Even if the finding sounds paradoxical because nonlinear computations are generally assumed to require nonlinear systems, the authors solved the issue by encoding input parameters within the linear system, enabling it to mimic nonlinear behavior. That’s the trick! I suggest to read also this News&Views.
The increasing size of neural networks for deep learning applications and their energy consumption create a need for alternative neuromorphic approaches, for example, using optics. Current proposals and implementations rely on physical nonlinearities or optoelectronic conversion to realize the required nonlinear activation function. However, there are considerable challenges with these approaches related to power levels, control, energy efficiency and delays. Here we present a scheme for a neuromorphic system that relies on linear wave scattering and yet achieves nonlinear processing with high expressivity. The key idea is to encode the input in physical parameters that affect the scattering processes. Moreover, we show that gradients needed for training can be directly measured in scattering experiments. We propose an implementation using integrated photonics based on racetrack resonators, which achieves high connectivity with a minimal number of waveguide crossings. Our work introduces an easily implementable approach to neuromorphic computing that can be widely applied in existing state-of-the-art scalable platforms, such as optics, microwave and electrical circuits.
Machine learning without a processor: Emergent learning in a nonlinear analog network
We demonstrate that the system learns tasks unachievable in linear systems, including XOR (exclusive or) and nonlinear regression, without a computer
The capabilities of digital artificial neural networks grow rapidly with their size. Unfortunately, so do the time and energy required to train them. By contrast, brains function rapidly and power-efficiently at scale because their analog constituent parts (neurons) update their connections without knowing what all the other neurons are doing; in other words, they update using local rules. Recently introduced analog electronic contrastive local learning networks (CLLNs) share this important property. However, unlike brains and artificial neural networks, their capabilities were limited and could not grow with size because they are linear.
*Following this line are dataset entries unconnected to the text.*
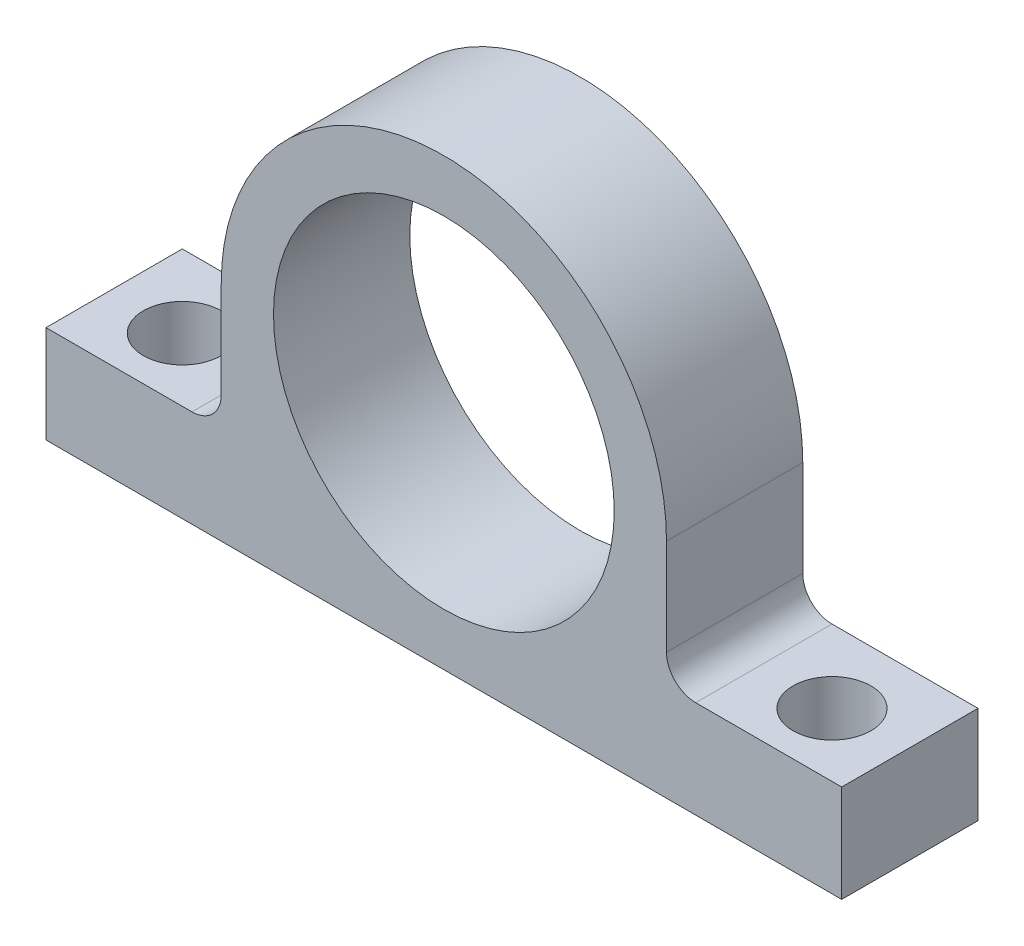
from build123d import *

# Parameters (mm, degrees)
SKETCH1_R           = 17.5
BOSS_EXTRUDE1_DEPTH = 14
SKETCH2_R           = 4
CUT_EXTRUDE1_DEPTH  = 11


with BuildPart() as part:
    # Sketch1 → Boss-Extrude1 (new body)
    with BuildSketch(Plane.XY):
        with BuildLine():
            Line((40.87, -22.87), (-40.87, -22.87))
            Line((-40.87, -22.87), (-40.87, -12.87))
            Line((-40.87, -12.87), (-25.87, -12.87))
            ThreePointArc((-25.87, -12.87), (-23.748679656, -11.991320344), (-22.87, -9.87))
            Line((-22.87, -9.87), (-22.87, 0))
            ThreePointArc((-22.87, 0), (0, 22.87), (22.87, 0))
            Line((22.87, 0), (22.87, -9.87))
            ThreePointArc((22.87, -9.87), (23.748679656, -11.991320344), (25.87, -12.87))
            Line((25.87, -12.87), (40.87, -12.87))
            Line((40.87, -12.87), (40.87, -22.87))
        make_face()
        Circle(SKETCH1_R, mode=Mode.SUBTRACT)
    extrude(amount=BOSS_EXTRUDE1_DEPTH)

    # Sketch2 → Cut-Extrude1 (cut, through all)
    with BuildSketch(Plane(origin=(0, -12.87, 0), x_dir=(1, 0, 0), z_dir=(0, 1, 0))):
        with Locations((33.37, -7.5)):
            Circle(SKETCH2_R)
    cut_extrude1 = extrude(amount=-CUT_EXTRUDE1_DEPTH, mode=Mode.SUBTRACT)

    # Mirror1: Cut-Extrude1 across plane
    add(cut_extrude1.mirror(Plane(origin=(0, 0, 0), x_dir=(0, 0, 1), z_dir=(1, 0, 0))), mode=Mode.SUBTRACT)


solid = part.part
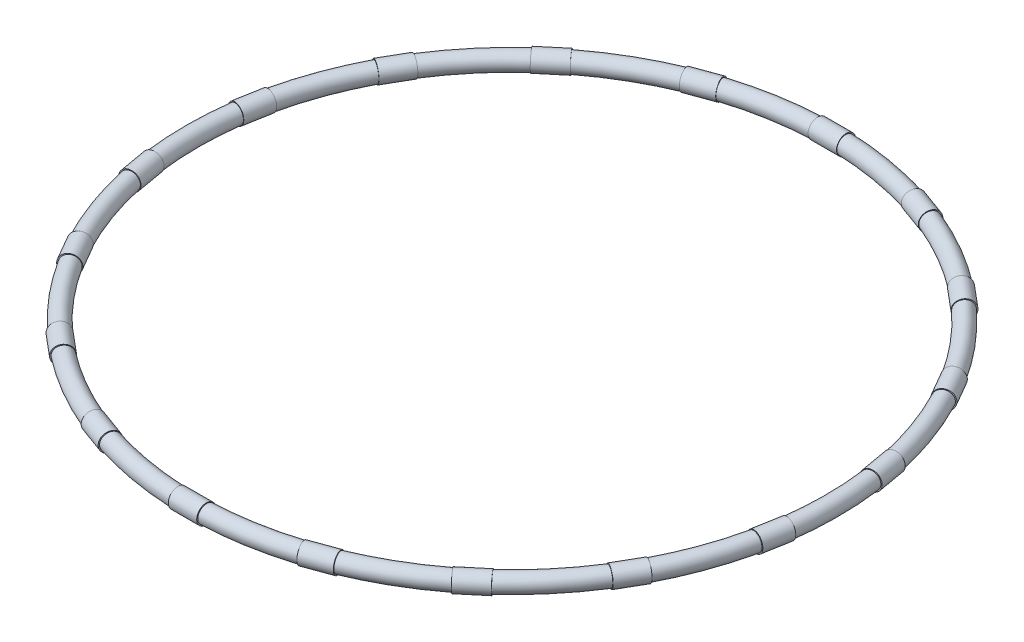
from build123d import *

# Parameters (mm, degrees)
ESBO_O1_R                = 0.62
ESBO_O6_R                = 0.675
RESSALTO_EXTRUS_O1_DEPTH = 2
PADR_OCIRCULAR1_COUNT    = 18


with BuildPart() as part:
    # Esboço1 → Revolução1 (revolve)
    with BuildSketch(Plane.XY):
        with Locations((22.5, 0)):
            Circle(ESBO_O1_R)
    revolve(axis=Axis((0, 0, 0), (0, 1, 0)))


with BuildPart() as body_2:
    # Esboço6 → Ressalto-extrusão1 (new body)
    with BuildSketch(Plane(origin=(1, 0, 0), x_dir=(0, 0, -1), z_dir=(1, 0, 0))):
        with Locations((22.5, 0)):
            Circle(ESBO_O6_R)
    ressalto_extrus_o1 = extrude(amount=-RESSALTO_EXTRUS_O1_DEPTH)


with BuildPart() as part_1:
    add(part.part)

    # PadrãoCircular1: Ressalto-extrusão1 ×18 about axis
    padr_ocircular1_axis = Axis((0, -0.715, 0), (0, 1, 0))
    for i in range(1, PADR_OCIRCULAR1_COUNT):
        add(ressalto_extrus_o1.rotate(padr_ocircular1_axis, i * 360 / PADR_OCIRCULAR1_COUNT))


solid = Compound([body_2.part, part_1.part])

Here, we experimentally demonstrate that nonlinearity enhances machine-learning capabilities in an analog CLLN, establishing a paradigm for scalable learning systems.
Urban systems
A typology of activities over a century of urban growth
Contemporary literature on the dynamics of economic activities in growing cities has mainly focused on time frames of a few years or decades. Using a new geohistorical database constructed from historical directories with about 1 million entries, we present a comprehensive analysis of the dynamics of activities in a major city, Paris, over almost a century (1829–1907). Our analysis suggests that activities that accompany city growth can be classified in different categories according to their dynamics and their scaling with population: (1) linear for everyday needs of residents (food stores, clothing retailers, health care practitioners), (2) sublinear for public services (legal, administrative, educational) and (3) superlinear for the city’s specific features (passing fads, specialization, timely needs). The dynamics of these activities is in addition very sensitive to historical perturbations such as large-scale public works or political conflicts. These results shed light on the evolution of activities, a crucial component of growing cities.